İmamoğlu’na yapılan yargı operasyonun esas sebebi 3 kez İstanbul’u kaybetmesiyle birlikte Türkiye’de ikinci parti konumuna düşmesi ve yapılan kamuoyu araştırmalarının tümünde ikinci olması ve oylarının düşüşe geçmesiyle birlikte seçim kazanma olasılığının gittikçe azalmasıdır. İmamoğlu’na yönelik operasyonda iktidarın yoğun toplumsal tepki, uluslararası baskı ve çok ağır siyasi ya da ekonomik kriz yaşanmadıktan sonra geldiği noktadan geri adam atacaklarını düşünmek aşırı iyimserlik olur.
Erdoğan iktidarının ‘’yaparsa AKP yapar’’ mottosu çökmüştür.

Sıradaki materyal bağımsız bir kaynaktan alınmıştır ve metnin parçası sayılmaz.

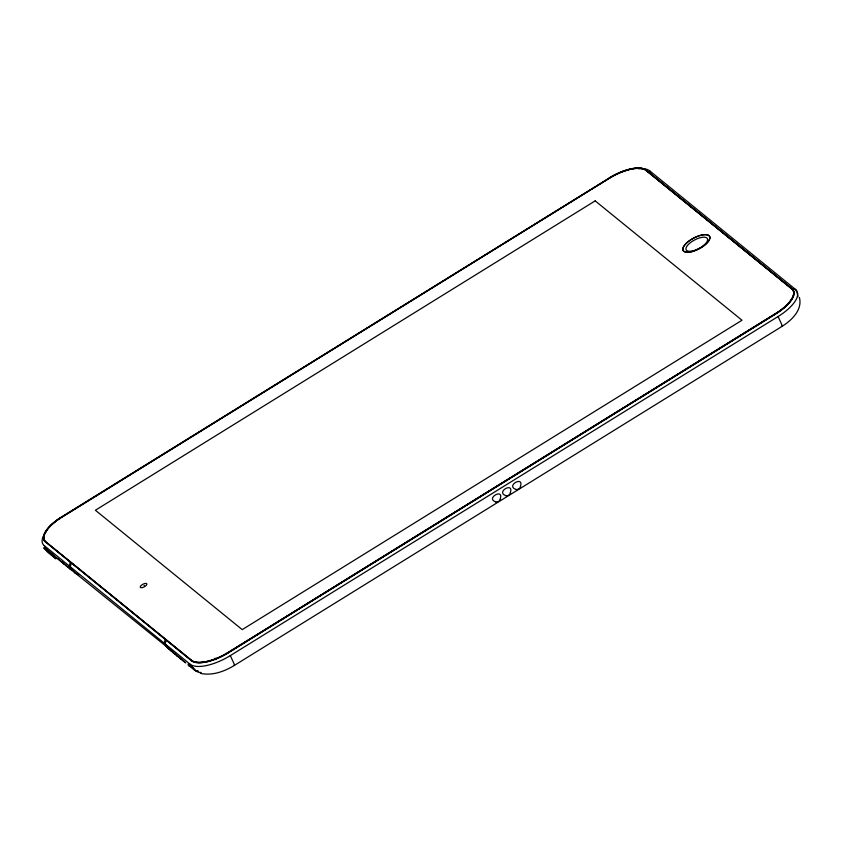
<?xml version="1.0" encoding="UTF-8"?>
<svg xmlns="http://www.w3.org/2000/svg" width="842" height="842" viewBox="0 0 842 842"><rect width="100%" height="100%" fill="white"/><g stroke="black" fill="none" stroke-linecap="round" stroke-linejoin="round"><path stroke-width="1.26" d="M188.461 664.254L189.987 666.39L193.25 668.495M70.412 562.193L69.254 565.95L74.822 572.76M71.402 563.003L70.244 566.75L73.843 571.865L171.821 650.898M165.285 639.331L164.127 643.088L166.769 647.151L183.735 661.159M166.274 640.141L165.116 643.898L169.695 649.908M500.011 499.464C504.747 487.392 484.718 498.401 495.98 501.958M510.105 493.212C514.83 481.129 494.833 492.117 506.074 495.706M520.198 486.971C524.892 474.909 504.916 485.845 516.157 489.465M46.089 531.849A34.312 13.682 -27.9 0 0 44.258 545.627L190.103 664.212A34.312 13.682 -27.9 0 0 230.308 655.613L778.082 316.539A34.312 13.682 -27.9 0 0 795.543 289.438L649.698 170.852A34.312 13.682 -27.9 0 0 638.278 168.747M198.249 671.179L195.218 670.537L191.334 667.022M198.27 671.379L195.639 670.811L192.45 668.222M200.322 673.347C212.121 675.947 224.183 671.611 234.192 665.517L781.965 326.433C791.564 320.36 802.647 310.088 799.416 297.479M609.219 177.925A31.491 12.556 -27.9 0 1 646.109 170.031L791.954 288.617L795.543 289.438L796.311 290.995M56.909 558.004L53.909 555.51M194.723 669.001L194.397 668.969M781.418 326.328L782.102 326.296A9.799 1.495 58.2 0 0 782.029 325.149L778.082 316.539M233.644 665.401L234.339 665.38A9.799 1.495 58.2 0 0 234.265 664.222L230.308 655.613M172.82 651.708L170.631 650.498M60.224 560.888L68.37 567.35M66.318 565.803L65.455 564.961M69.528 568.276L72.149 570.592M72.454 570.781L71.812 570.255M181.683 659.602L181.23 659.233M185.756 662.917L183.43 660.991L185.324 662.549M70.37 569.108L69.96 568.739M74.833 572.707L76.948 573.749A9.799 8.862 -50.9 0 0 78.053 574.055M75.833 573.518L77.948 574.56A9.799 8.862 -50.9 0 0 79.053 574.865M188.724 664.338L190.818 666.432M59.656 560.362L62.308 562.445M61.371 561.646L61.898 562.214M67.728 566.94L69.897 568.697L67.507 566.645M174.704 653.792L177.63 656.36M178.788 657.128L179.651 657.844M183.093 660.749L182.872 660.444M173.484 652.982L170.947 650.687M188.84 664.412L188.145 663.928L188.808 665.201M173.147 652.634L172.673 652.161M177.262 656.023L176.757 655.476M63.424 563.33L65.992 565.582M62.013 562.151L64.066 563.929L63.718 563.498M175.578 654.529L175.031 654.002M188.629 664.085L191.113 666.706M45.015 547.289A33.954 13.535 -27.9 0 0 46.626 549.331L52.467 554.078M180.967 659.076L179.093 657.486M182.946 660.675L181.167 659.002M174.852 654.097L173.294 652.634M178.872 657.36L177.02 655.623M71.665 570.192L69.854 568.487M67.581 566.876L65.781 565.171M59.487 560.298L57.624 558.541M52.699 554.278L53.751 555.352M192.355 668.085L191.334 666.959M59.329 559.993L57.298 558.33M190.103 664.212L193.702 669.327L197.807 672.021A9.799 8.862 -50.9 0 0 201.217 672.463M649.698 170.852L650.466 172.41M796.942 292.5L798.016 296.752M791.954 288.617A31.491 12.556 -27.9 0 1 775.935 313.487L228.161 652.561A31.491 12.556 -27.9 0 1 191.271 660.465M46.615 549.342A29.691 26.849 -50.9 0 1 44.279 545.616M510.684 493.212A3.642 2.137 -32 0 1 505.979 495.843M500.59 499.464A3.642 2.147 -32 0 1 495.896 502.085M520.766 486.971A3.642 2.147 -32 0 1 516.072 489.591M45.258 547.5A3.115 0.705 35 0 1 46.552 548.005M193.386 667.927A7.146 2.821 26.4 0 1 190.618 666.254M189.282 666.327A5.978 2.073 28.3 0 1 188.261 665.022M45.552 542.111A31.491 12.556 -27.9 0 1 61.582 517.251L609.345 178.167A31.491 12.556 -27.9 0 1 646.246 170.273L792.09 288.869A31.491 12.556 -27.9 0 1 776.061 313.729L228.298 652.813A31.491 12.556 -27.9 0 1 191.397 660.707L45.426 541.869A31.491 12.556 -27.9 0 1 61.445 517.009L609.313 178.009A31.196 12.441 -27.9 0 1 645.856 170.189L791.701 288.774A31.196 12.441 -27.9 0 1 775.829 313.403L228.066 652.487A31.196 12.441 -27.9 0 1 191.523 660.307L45.678 541.711A31.196 12.441 -27.9 0 1 61.55 517.083M215.068 658.149A5.557 0.853 58.2 0 1 215.668 659.633M144.035 585.548A3.673 1.463 -27.9 0 1 144.35 585.401M609.44 178.251L61.677 517.335A31.196 12.441 -27.9 0 0 45.805 541.964L191.65 660.549A31.196 12.441 -27.9 0 0 228.193 652.729L775.956 313.645A31.196 12.441 -27.9 0 0 791.838 289.017L645.993 170.431A31.196 12.441 -27.9 0 0 609.44 178.251M595.168 200.87L95.388 510.241L242.212 629.627L741.991 320.244L595.168 200.87M43.9 547.995L47.478 552.047L55.888 558.856L52.267 554.794L43.9 547.995M691.924 251.526A15.009 5.989 -27.9 0 0 709.638 236.444A15.009 5.989 -27.9 0 0 687.43 242.18A15.009 5.989 -27.9 0 0 691.924 251.526M142.487 587.548A3.673 1.463 -27.9 0 0 146.834 583.853A3.673 1.463 -27.9 0 0 141.393 585.253A3.673 1.463 -27.9 0 0 142.487 587.548M691.987 251.642A15.009 5.989 -27.9 0 0 709.701 236.56A15.009 5.989 -27.9 0 0 687.493 242.296A15.009 5.989 -27.9 0 0 691.987 251.642M693.261 250.748A12.009 4.789 -27.9 0 0 707.427 238.675A12.009 4.789 -27.9 0 0 689.661 243.264A12.009 4.789 -27.9 0 0 693.261 250.748"/></g></svg>

Zorunlu Şimşek ekonomi politikalarından da sonuç alınacağı yakın vadede gözükmediğine göre iktidar milli iradeye başvurmak, demokratik yollarla seçimlere gitmek yerine baskıcı yöntemlerle rakiplerini oyun dışı bırakmayı, toplumu sindirmeyi tercih etmektedir.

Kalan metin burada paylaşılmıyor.